My welding skills are seriously lacking. I've got a basic qualification in arc welding. I sold my own 180 Amp mig a year ago, as it was just far too big and heavy to get from my workshop to my front garden, where my rusty old cars are kept. The 180A was loaded with 1mm wire, and the lowest current I could get away with still blew holes on the sills on my Mondeo. I was going to get 0.6mm to use a lower current, but decided to get a smaller mig instead. 

So, the big question. Gas or Gasless? As far as I can see, the trade off between them is the gasless wire is very expensive, but you don't need to buy gas. It is only for body repairs as anything heavy I will just use the arc. Any advise either way?


----------



## t8hants (28 Jul 2014)

My thoughts are try and avoid gasless, and if you can the small gas cannisters. The big two industrial gas suppliers (you know who you are) will charge an arm and a leg, but you may have an independent weld gas supplier in your area who caters for the home/small welder, they can be quite reasonable, best bet on that one will be to ask around. Vintage car enthusiasts seem to be able sniff out good deals if they are to be had in your area.


----------



## Phil Pascoe (28 Jul 2014)

I'd have though a roll of mig wire was worth more than a Mondeo?


----------



## Spindle (28 Jul 2014)

Hi

I have a gas MIG and an account with one of the Robin so and so's - its a close call but I think my annual savings through hobby use just about outweigh the rental charge.
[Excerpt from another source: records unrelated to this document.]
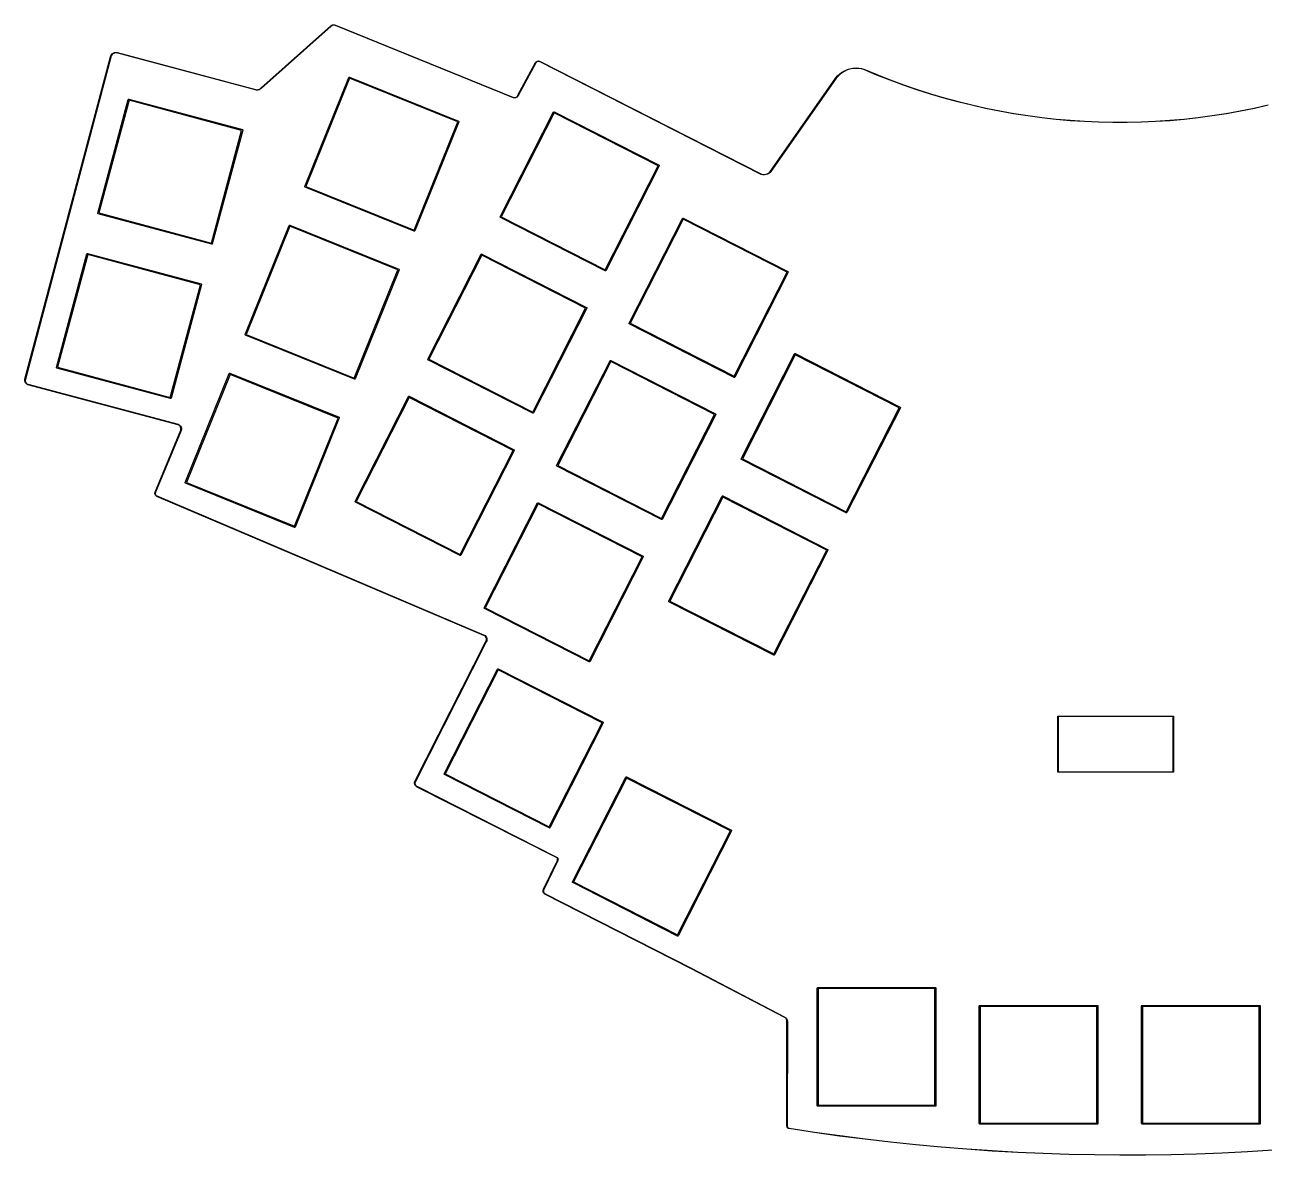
# Model space of a CAD drawing. Extents: x 20 to 281, y -163 to -29.
# Drawn here: x 20 to 167.6, y -163.3 to -28.9 of the extents above; entities that cross this region are included whole.
import ezdxf

# ---------------------------------------------------------------- set-up
doc = ezdxf.new("R2010")
doc.units = 0
doc.layers.add('BLACK', color=7, linetype='CONTINUOUS')

msp = doc.modelspace()

# ---------------------------------------------------------------- linework, layer by layer
at = {"layer": 'BLACK', "linetype": 'CONTINUOUS'}
for p, q in [((48.1474, -36.378), (56.4771, -28.9841)), ((56.5103, -29.0215), (48.1806, -36.4154)), ((56.4771, -28.9841), (56.4772, -28.984)), ((56.4772, -28.984), (56.4773, -28.9839)), ((56.4773, -28.9839), (56.5763, -28.9157)), ((56.4773, -28.9839), (56.4773, -28.9839)), ((56.5129, -29.016), (56.5103, -29.0215)), ((56.5984, -28.9572), (56.5129, -29.016)), ((56.5763, -28.9157), (56.6882, -28.8717)), ((56.7003, -28.9171), (56.5984, -28.9572)), ((56.6882, -28.8717), (56.8071, -28.854)), ((56.8087, -28.901), (56.7003, -28.9171)), ((56.8071, -28.854), (56.927, -28.8637)), ((56.9179, -28.9098), (56.8087, -28.901)), ((57.0167, -28.9413), (56.9179, -28.9098)), ((56.927, -28.8637), (57.0405, -28.8999)), ((57.021, -28.9459), (57.0167, -28.9413)), ((57.0215, -28.9459), (57.021, -28.9459)), ((57.0219, -28.9463), (57.0215, -28.9459)), ((78.2026, -37.5332), (57.0219, -28.9463)), ((57.0405, -28.8999), (57.0407, -28.8999)), ((57.0407, -28.8999), (57.0411, -28.9001)), ((57.0411, -28.9001), (57.0415, -28.9003)), ((57.0415, -28.9003), (57.0415, -28.9003)), ((57.0415, -28.9003), (78.2214, -37.4869)), ((30.2739, -32.5374), (30.352, -32.4101)), ((30.3885, -32.4384), (30.3157, -32.5572)), ((30.352, -32.4101), (30.4556, -32.3025)), ((30.4852, -32.338), (30.3885, -32.4384)), ((30.4556, -32.3025), (30.5798, -32.2197)), ((30.6011, -32.2607), (30.4852, -32.338)), ((30.5798, -32.2197), (30.719, -32.1654)), ((30.731, -32.21), (30.6011, -32.2607)), ((30.719, -32.1654), (30.8665, -32.1423)), ((30.8687, -32.1885), (30.731, -32.21)), ((30.8665, -32.1423), (31.0156, -32.1514)), ((31, -32.1965), (30.8687, -32.1885)), ((31.0049, -32.2002), (31, -32.1965)), ((47.485, -36.5978), (31.0049, -32.2002)), ((31.0156, -32.1514), (31.0156, -32.1514)), ((31.0156, -32.1514), (31.0166, -32.1521)), ((31.0166, -32.1521), (31.0178, -32.1519)), ((31.0178, -32.1519), (47.4982, -36.5496)), ((20.0652, -70.9997), (30.2252, -32.6777)), ((30.2735, -32.6905), (20.1135, -71.0125)), ((30.2252, -32.6777), (30.2253, -32.6775)), ((30.2253, -32.6775), (30.2739, -32.5374)), ((30.3157, -32.5572), (30.2724, -32.6819)), ((30.2724, -32.6819), (30.2737, -32.6897)), ((30.2737, -32.6897), (30.2735, -32.69)), ((30.2735, -32.69), (30.2735, -32.6905)), ((78.7413, -37.2443), (80.7733, -33.4343)), ((80.8174, -33.4578), (78.7854, -37.2678)), ((80.7733, -33.4343), (80.7735, -33.4341)), ((80.7735, -33.4341), (80.8296, -33.3444)), ((80.8175, -33.4573), (80.8174, -33.4578)), ((80.8179, -33.4569), (80.8175, -33.4573)), ((80.8183, -33.4494), (80.8179, -33.4569)), ((80.8783, -33.3581), (80.8183, -33.4494)), ((80.8296, -33.3444), (80.9048, -33.2681)), ((80.9652, -33.2808), (80.8783, -33.3581)), ((80.9048, -33.2681), (80.9948, -33.21)), ((81.0692, -33.2288), (80.9652, -33.2808)), ((80.9948, -33.21), (81.0953, -33.1729)), ((81.1832, -33.2056), (81.0692, -33.2288)), ((81.0953, -33.1729), (81.2014, -33.1585)), ((81.2903, -33.2123), (81.1832, -33.2056)), ((81.2014, -33.1585), (81.3081, -33.1676)), ((81.292, -33.2143), (81.2903, -33.2123)), ((107.708, -46.6764), (81.292, -33.2143)), ((81.3081, -33.1676), (81.3082, -33.1675)), ((81.3082, -33.1675), (81.3111, -33.1695)), ((81.3111, -33.1695), (81.3147, -33.1698)), ((81.3147, -33.1698), (107.731, -46.6318)), ((53.3776, -48.0898), (58.6221, -35.1092)), ((58.7109, -35.2098), (53.5114, -48.0791)), ((58.6221, -35.1092), (58.6543, -35.0765)), ((58.6543, -35.0765), (58.7002, -35.0761)), ((58.7002, -35.0761), (71.6808, -40.3206)), ((71.5802, -40.4094), (58.7109, -35.2098)), ((108.715, -46.3857), (116.589, -35.1777)), ((116.63, -35.2064), (108.756, -46.4144)), ((116.589, -35.1773), (116.59, -35.1767)), ((116.589, -35.1777), (116.589, -35.1773)), ((116.59, -35.1767), (116.792, -34.9428)), ((116.59, -35.1767), (116.59, -35.1767)), ((116.632, -35.1977), (116.63, -35.2064)), ((116.844, -34.9542), (116.632, -35.1972)), ((116.632, -35.1972), (116.632, -35.1977)), ((116.792, -34.9428), (117.016, -34.7303)), ((117.088, -34.7292), (116.844, -34.9542)), ((117.016, -34.7303), (117.261, -34.5414)), ((117.356, -34.5322), (117.088, -34.7292)), ((117.261, -34.5414), (117.524, -34.378)), ((117.643, -34.3657), (117.356, -34.5322)), ((117.524, -34.378), (117.801, -34.2417)), ((117.947, -34.2316), (117.643, -34.3657)), ((117.801, -34.2417), (118.091, -34.1339)), ((118.264, -34.1315), (117.947, -34.2316)), ((118.091, -34.1339), (118.39, -34.0557)), ((118.59, -34.0667), (118.264, -34.1315)), ((118.39, -34.0557), (118.695, -34.0079)), ((118.921, -34.0378), (118.59, -34.0667)), ((118.695, -34.0079), (119.004, -33.9909)), ((119.253, -34.0453), (118.921, -34.0378)), ((119.004, -33.9909), (119.313, -34.0049)), ((119.583, -34.0891), (119.253, -34.0453)), ((119.313, -34.0049), (119.619, -34.0498)), ((119.896, -34.1662), (119.583, -34.0891)), ((119.619, -34.0498), (119.919, -34.1251)), ((119.901, -34.1721), (119.896, -34.1662)), ((121.465, -34.8283), (119.901, -34.1721)), ((119.901, -34.1721), (119.901, -34.1721)), ((119.919, -34.1251), (119.919, -34.1252)), ((119.919, -34.1252), (119.919, -34.1252)), ((119.919, -34.1252), (119.92, -34.1261)), ((119.92, -34.1261), (119.921, -34.1262)), ((119.921, -34.1262), (119.927, -34.1321)), ((119.927, -34.1321), (119.931, -34.1352)), ((119.931, -34.1352), (121.482, -34.7864)), ((123.043, -35.45), (121.465, -34.8283)), ((121.482, -34.7864), (123.059, -35.4076)), ((47.4852, -36.5979), (47.485, -36.5978)), ((47.485, -36.5978), (47.485, -36.5978)), ((47.4853, -36.5979), (47.4852, -36.5979)), ((47.4854, -36.5979), (47.4853, -36.5979)), ((47.6337, -36.623), (47.4854, -36.5979)), ((47.4982, -36.5496), (47.4984, -36.5497)), ((47.4984, -36.5497), (47.4985, -36.5497)), ((47.4985, -36.5497), (47.5045, -36.5544)), ((47.5045, -36.5544), (47.6366, -36.5767)), ((47.7844, -36.6162), (47.6337, -36.623)), ((47.6366, -36.5767), (47.7774, -36.5704)), ((47.7774, -36.5704), (47.9138, -36.5345)), ((47.9303, -36.5778), (47.7844, -36.6162)), ((47.9138, -36.5345), (48.0395, -36.4706)), ((48.0647, -36.5095), (47.9303, -36.5778)), ((48.0395, -36.4706), (48.1434, -36.3861)), ((48.1803, -36.4155), (48.0647, -36.5095)), ((48.1434, -36.3861), (48.1463, -36.3791)), ((48.1463, -36.3791), (48.1471, -36.3788)), ((48.1471, -36.3788), (48.1474, -36.378)), ((48.1806, -36.4154), (48.1803, -36.4155)), ((124.634, -36.0366), (123.043, -35.45)), ((123.059, -35.4076), (124.649, -35.9939)), ((126.237, -36.588), (124.634, -36.0366)), ((124.649, -35.9939), (126.252, -36.5449)), ((127.853, -37.1038), (126.237, -36.588)), ((126.252, -36.5449), (127.866, -37.0605)), ((28.7231, -51.2597), (32.3466, -37.7368)), ((32.447, -37.8258), (28.8546, -51.2328)), ((32.3466, -37.7368), (32.3746, -37.7003)), ((32.3466, -37.7368), (32.3466, -37.7368)), ((32.3746, -37.7003), (32.4201, -37.6943)), ((32.4201, -37.6943), (45.943, -41.3178)), ((45.854, -41.4182), (32.447, -37.8258)), ((78.2036, -37.5332), (78.2026, -37.5332)), ((78.2043, -37.5339), (78.2036, -37.5332)), ((78.2044, -37.5339), (78.2043, -37.5339)), ((78.3193, -37.5557), (78.2044, -37.5339)), ((78.2214, -37.4869), (78.2252, -37.4907)), ((78.2252, -37.4907), (78.3223, -37.5091)), ((78.4361, -37.5487), (78.3193, -37.5557)), ((78.3223, -37.5091), (78.4276, -37.5028)), ((78.4276, -37.5028), (78.5281, -37.4708)), ((78.5476, -37.5132), (78.4361, -37.5487)), ((78.5281, -37.4708), (78.6177, -37.4152)), ((78.647, -37.4515), (78.5476, -37.5132)), ((78.6177, -37.4152), (78.691, -37.3393)), ((78.7283, -37.3673), (78.647, -37.4515)), ((78.691, -37.3393), (78.7403, -37.2532)), ((78.785, -37.2682), (78.7283, -37.3673)), ((78.7403, -37.2464), (78.7412, -37.2456)), ((78.7403, -37.2532), (78.7403, -37.2464)), ((78.7412, -37.2456), (78.7413, -37.2443)), ((78.7854, -37.2678), (78.785, -37.2682)), ((129.479, -37.5838), (127.853, -37.1038)), ((127.866, -37.0605), (129.492, -37.5402)), ((131.116, -38.0279), (129.479, -37.5838)), ((129.492, -37.5402), (131.127, -37.984)), ((132.762, -38.4357), (131.116, -38.0279)), ((131.127, -37.984), (132.772, -38.3915)), ((76.6232, -51.6976), (82.979, -39.2235)), ((83.0587, -39.3314), (76.7573, -51.6986)), ((82.979, -39.2235), (83.014, -39.1936)), ((83.014, -39.1936), (83.0597, -39.1973)), ((95.4259, -45.6328), (83.0587, -39.3314)), ((83.0597, -39.1973), (83.0597, -39.1973)), ((83.0597, -39.1973), (95.5338, -45.5531)), ((134.416, -38.807), (132.762, -38.4357)), ((132.772, -38.3915), (134.426, -38.7627)), ((136.079, -39.1417), (134.416, -38.807)), ((134.426, -38.7627), (136.087, -39.0972)), ((137.748, -39.4397), (136.079, -39.1417)), ((136.087, -39.0972), (137.756, -39.395)), ((139.424, -39.7007), (137.748, -39.4397)), ((137.756, -39.395), (139.43, -39.6559)), ((141.105, -39.9247), (139.424, -39.7007)), ((139.43, -39.6559), (141.11, -39.8797)), ((159.707, -39.8797), (161.387, -39.6559)), ((161.393, -39.7007), (159.713, -39.9247)), ((161.387, -39.6559), (163.062, -39.395)), ((163.069, -39.4397), (161.393, -39.7007)), ((163.062, -39.395), (164.73, -39.0972)), ((164.738, -39.1417), (163.069, -39.4397)), ((164.73, -39.0972), (166.391, -38.7627)), ((166.401, -38.807), (164.738, -39.1417)), ((166.391, -38.7627), (168.045, -38.3915)), ((168.055, -38.4357), (166.401, -38.807)), ((66.3807, -53.2787), (71.5802, -40.4094)), ((71.714, -40.3987), (66.4695, -53.3793)), ((71.6808, -40.3206), (71.7136, -40.3528)), ((71.7136, -40.3528), (71.714, -40.3987)), ((142.79, -40.1115), (141.105, -39.9247)), ((141.11, -39.8797), (142.795, -40.0664)), ((144.479, -40.2611), (142.79, -40.1115)), ((142.795, -40.0664), (144.483, -40.2159)), ((146.171, -40.3733), (144.479, -40.2611)), ((144.483, -40.2159), (146.174, -40.328)), ((147.865, -40.4482), (146.171, -40.3733)), ((146.174, -40.328), (147.867, -40.4028)), ((149.561, -40.4856), (147.865, -40.4482)), ((147.867, -40.4028), (149.561, -40.4403)), ((149.561, -40.4403), (151.256, -40.4403)), ((151.256, -40.4856), (149.561, -40.4856)), ((151.256, -40.4403), (152.95, -40.4028)), ((152.952, -40.4482), (151.256, -40.4856)), ((152.95, -40.4028), (154.643, -40.328)), ((154.646, -40.3733), (152.952, -40.4482)), ((154.643, -40.328), (156.334, -40.2159)), ((156.338, -40.2611), (154.646, -40.3733)), ((156.334, -40.2159), (158.023, -40.0664)), ((158.027, -40.1115), (156.338, -40.2611)), ((158.023, -40.0664), (159.707, -39.8797)), ((159.713, -39.9247), (158.027, -40.1115)), ((42.2616, -54.8252), (45.854, -41.4182)), ((45.9855, -41.3913), (42.362, -54.9142)), ((45.943, -41.3178), (45.943, -41.3178)), ((45.943, -41.3178), (45.9795, -41.3458)), ((45.9795, -41.3458), (45.9855, -41.3913)), ((89.1245, -58), (95.4259, -45.6328)), ((95.5601, -45.6338), (89.2042, -58.1079)), ((95.5338, -45.5531), (95.5338, -45.5531)), ((95.5338, -45.5531), (95.5383, -45.5584)), ((95.5383, -45.5584), (95.5637, -45.588)), ((95.5637, -45.588), (95.5601, -45.6338)), ((95.5601, -45.6338), (95.5601, -45.6338)), ((107.711, -46.6766), (107.708, -46.6764)), ((107.713, -46.6782), (107.711, -46.6766)), ((107.896, -46.7117), (107.713, -46.6782)), ((107.713, -46.6782), (107.713, -46.6782)), ((107.731, -46.6318), (107.734, -46.6352)), ((107.734, -46.6352), (107.901, -46.6657)), ((108.083, -46.7136), (107.896, -46.7117)), ((107.901, -46.6657), (108.079, -46.6676)), ((108.079, -46.6676), (108.255, -46.6391)), ((108.267, -46.684), (108.083, -46.7136)), ((108.255, -46.6391), (108.424, -46.5813)), ((108.443, -46.6236), (108.267, -46.684)), ((108.424, -46.5813), (108.581, -46.4956)), ((108.606, -46.5341), (108.443, -46.6236)), ((108.581, -46.4956), (108.714, -46.3901)), ((108.752, -46.4183), (108.606, -46.5341)), ((108.714, -46.3901), (108.715, -46.3857)), ((108.754, -46.4159), (108.752, -46.4183)), ((108.756, -46.4144), (108.754, -46.4159)), ((53.378, -48.1357), (53.3776, -48.0898)), ((53.4108, -48.1679), (53.378, -48.1357)), ((66.3914, -53.4124), (53.4108, -48.1679)), ((53.5114, -48.0791), (66.3807, -53.2787)), ((28.7291, -51.3053), (28.7231, -51.2597)), ((28.7656, -51.3332), (28.7291, -51.3053)), ((42.2885, -54.9567), (28.7656, -51.3332)), ((28.8546, -51.2328), (42.2616, -54.8252)), ((46.2604, -65.7067), (51.5049, -52.7261)), ((51.5937, -52.8267), (46.3941, -65.696)), ((51.5049, -52.7261), (51.5371, -52.6934)), ((51.5371, -52.6934), (51.583, -52.693)), ((51.583, -52.693), (64.5636, -57.9375)), ((64.463, -58.0263), (51.5937, -52.8267)), ((76.6196, -51.7433), (76.6232, -51.6976)), ((76.6494, -51.7783), (76.6196, -51.7433)), ((89.1235, -58.1341), (76.6494, -51.7783)), ((76.7573, -51.6986), (89.1245, -58)), ((91.9713, -64.3622), (98.3272, -51.8881)), ((98.4068, -51.996), (92.1054, -64.3632)), ((98.3272, -51.8881), (98.3621, -51.8583)), ((98.3621, -51.8583), (98.4079, -51.8619)), ((110.774, -58.2974), (98.4068, -51.996)), ((98.4079, -51.8619), (98.4079, -51.8619)), ((98.4079, -51.8619), (110.882, -58.2177)), ((66.4373, -53.412), (66.3914, -53.4124)), ((66.4695, -53.3793), (66.4373, -53.412)), ((42.334, -54.9507), (42.2885, -54.9567)), ((42.362, -54.9142), (42.334, -54.9507)), ((23.8131, -69.6301), (27.4365, -56.1072)), ((27.5369, -56.1962), (23.9445, -69.6032)), ((27.4365, -56.1072), (27.4645, -56.0707)), ((27.4365, -56.1072), (27.4365, -56.1072)), ((27.4645, -56.0707), (27.51, -56.0647)), ((27.51, -56.0647), (41.033, -59.6882)), ((40.944, -59.7886), (27.5369, -56.1962)), ((67.9974, -68.6267), (74.3532, -56.1526)), ((74.4329, -56.2605), (68.1315, -68.6277)), ((74.3532, -56.1526), (74.3881, -56.1228)), ((74.3881, -56.1228), (74.4339, -56.1264)), ((86.8001, -62.5619), (74.4329, -56.2605)), ((74.4339, -56.1264), (74.4339, -56.1264)), ((74.4339, -56.1264), (86.908, -62.4822)), ((59.2635, -70.8956), (64.463, -58.0263)), ((64.5967, -58.0156), (59.3522, -70.9962)), ((64.5636, -57.9375), (64.5963, -57.9697)), ((64.5963, -57.9697), (64.5967, -58.0156)), ((89.1693, -58.1377), (89.1235, -58.1341)), ((89.2042, -58.1079), (89.1693, -58.1377)), ((89.2042, -58.1079), (89.2042, -58.1079)), ((104.473, -70.6646), (110.774, -58.2974)), ((110.908, -58.2984), (104.552, -70.7725)), ((110.882, -58.2177), (110.882, -58.2177)), ((110.882, -58.2177), (110.904, -58.244)), ((110.904, -58.244), (110.912, -58.2527)), ((110.912, -58.2527), (110.908, -58.2984)), ((110.908, -58.2984), (110.908, -58.2984)), ((37.3516, -73.1956), (40.944, -59.7886)), ((41.0754, -59.7617), (37.452, -73.2846)), ((41.033, -59.6882), (41.033, -59.6882)), ((41.033, -59.6882), (41.0694, -59.7162)), ((41.0694, -59.7162), (41.0754, -59.7617)), ((80.4987, -74.9291), (86.8001, -62.5619)), ((86.9342, -62.5629), (80.5784, -75.037)), ((86.908, -62.4822), (86.908, -62.4822)), ((86.908, -62.4822), (86.9304, -62.5085)), ((86.9304, -62.5085), (86.9378, -62.5172)), ((86.9378, -62.5172), (86.9342, -62.5629)), ((86.9342, -62.5629), (86.9342, -62.5629)), ((91.9677, -64.408), (91.9713, -64.3622)), ((91.9975, -64.4429), (91.9677, -64.408)), ((104.472, -70.7988), (91.9975, -64.4429)), ((92.1054, -64.3632), (104.473, -70.6646)), ((46.2608, -65.7526), (46.2604, -65.7067)), ((46.2936, -65.7848), (46.2608, -65.7526)), ((59.2741, -71.0293), (46.2936, -65.7848)), ((46.3941, -65.696), (59.2635, -70.8956)), ((67.9938, -68.6725), (67.9974, -68.6267)), ((68.0236, -68.7074), (67.9938, -68.6725)), ((80.4977, -75.0633), (68.0236, -68.7074)), ((68.1315, -68.6277), (80.4987, -74.9291)), ((83.3455, -81.2913), (89.7013, -68.8172)), ((89.781, -68.9252), (83.4796, -81.2923)), ((89.7013, -68.8172), (89.7363, -68.7874)), ((89.7363, -68.7874), (89.782, -68.791)), ((102.148, -75.2265), (89.781, -68.9252)), ((89.782, -68.791), (89.782, -68.791)), ((89.782, -68.791), (102.256, -75.1469)), ((105.323, -80.4799), (111.679, -68.0058)), ((111.758, -68.1137), (105.457, -80.4809)), ((111.679, -68.0058), (111.714, -67.976)), ((111.714, -67.976), (111.759, -67.9796)), ((124.126, -74.4151), (111.758, -68.1137)), ((111.759, -67.9796), (111.759, -67.9796)), ((111.759, -67.9796), (124.234, -74.3354)), ((23.8191, -69.6756), (23.8131, -69.6301)), ((23.8555, -69.7036), (23.8191, -69.6756)), ((37.3785, -73.3271), (23.8555, -69.7036)), ((23.9445, -69.6032), (37.3516, -73.1956)), ((39.1426, -83.3228), (44.3871, -70.3422)), ((44.4759, -70.4428), (39.2763, -83.3121)), ((44.3871, -70.3422), (44.4193, -70.3095)), ((44.4193, -70.3095), (44.4652, -70.3091)), ((44.4652, -70.3091), (57.4458, -75.5536)), ((57.3452, -75.6423), (44.4759, -70.4428)), ((104.517, -70.8024), (104.472, -70.7988)), ((104.552, -70.7725), (104.517, -70.8024)), ((104.552, -70.7725), (104.552, -70.7725)), ((20.0415, -71.1137), (20.0652, -71.0001)), ((20.043, -71.2315), (20.0415, -71.1137)), ((20.07, -71.3462), (20.043, -71.2315)), ((20.0652, -71.0001), (20.0652, -70.9997)), ((20.1214, -71.4523), (20.07, -71.3462)), ((20.1081, -71.0197), (20.0859, -71.1361)), ((20.0859, -71.1361), (20.0944, -71.2614)), ((20.0944, -71.2614), (20.1343, -71.3806)), ((20.1131, -71.0138), (20.1081, -71.0197)), ((20.1135, -71.0125), (20.113, -71.0131)), ((20.113, -71.0131), (20.1131, -71.0138)), ((20.1946, -71.5447), (20.1214, -71.4523)), ((20.1343, -71.3806), (20.2031, -71.4857)), ((20.2862, -71.6189), (20.1946, -71.5447)), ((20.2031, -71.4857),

Unfortunately quality MIGs don't come cheap

Regards Mick


----------



## dickm (28 Jul 2014)

McSomething Engineering in Elgin are our local suppliers of Hobbygas; you pay a once-off deposit/rental for the cylinder (about £50 if memory serves me right) and the gas is then only slightly more expensive than the big suppliers per litre. On top of which, they deliver for free, which given that Elgin is about 50 miles away is well worthwhile. Dunno where the OP is located, but it would be worth looking for a local stockist.
For casual use, the big suppliers prices are just silly. In the few years I used BOC, the rental went up by a factor of at least 10.


----------



## cedarwood (28 Jul 2014)

try Hobbyweld for gas much better than the big two and far better than canisters or gasless wire. As for a welder an inverter MMA/Tig welder very light and portable.


----------



## spinks (29 Jul 2014)

Flux core wire has its uses in industry but BOC will no longer sell it due to its carciogenic properties, best bet is a gas mis and hobbyweld no rental cylinders.....for thin car stuff you could use pub gas from your local friendly pub but it doesn't leave the best looking weld in the world!


----------



## Flatlander (29 Jul 2014)

doorframe":vgzoz3cw said:


> ...my workshop to my front garden, where my rusty old cars are kept...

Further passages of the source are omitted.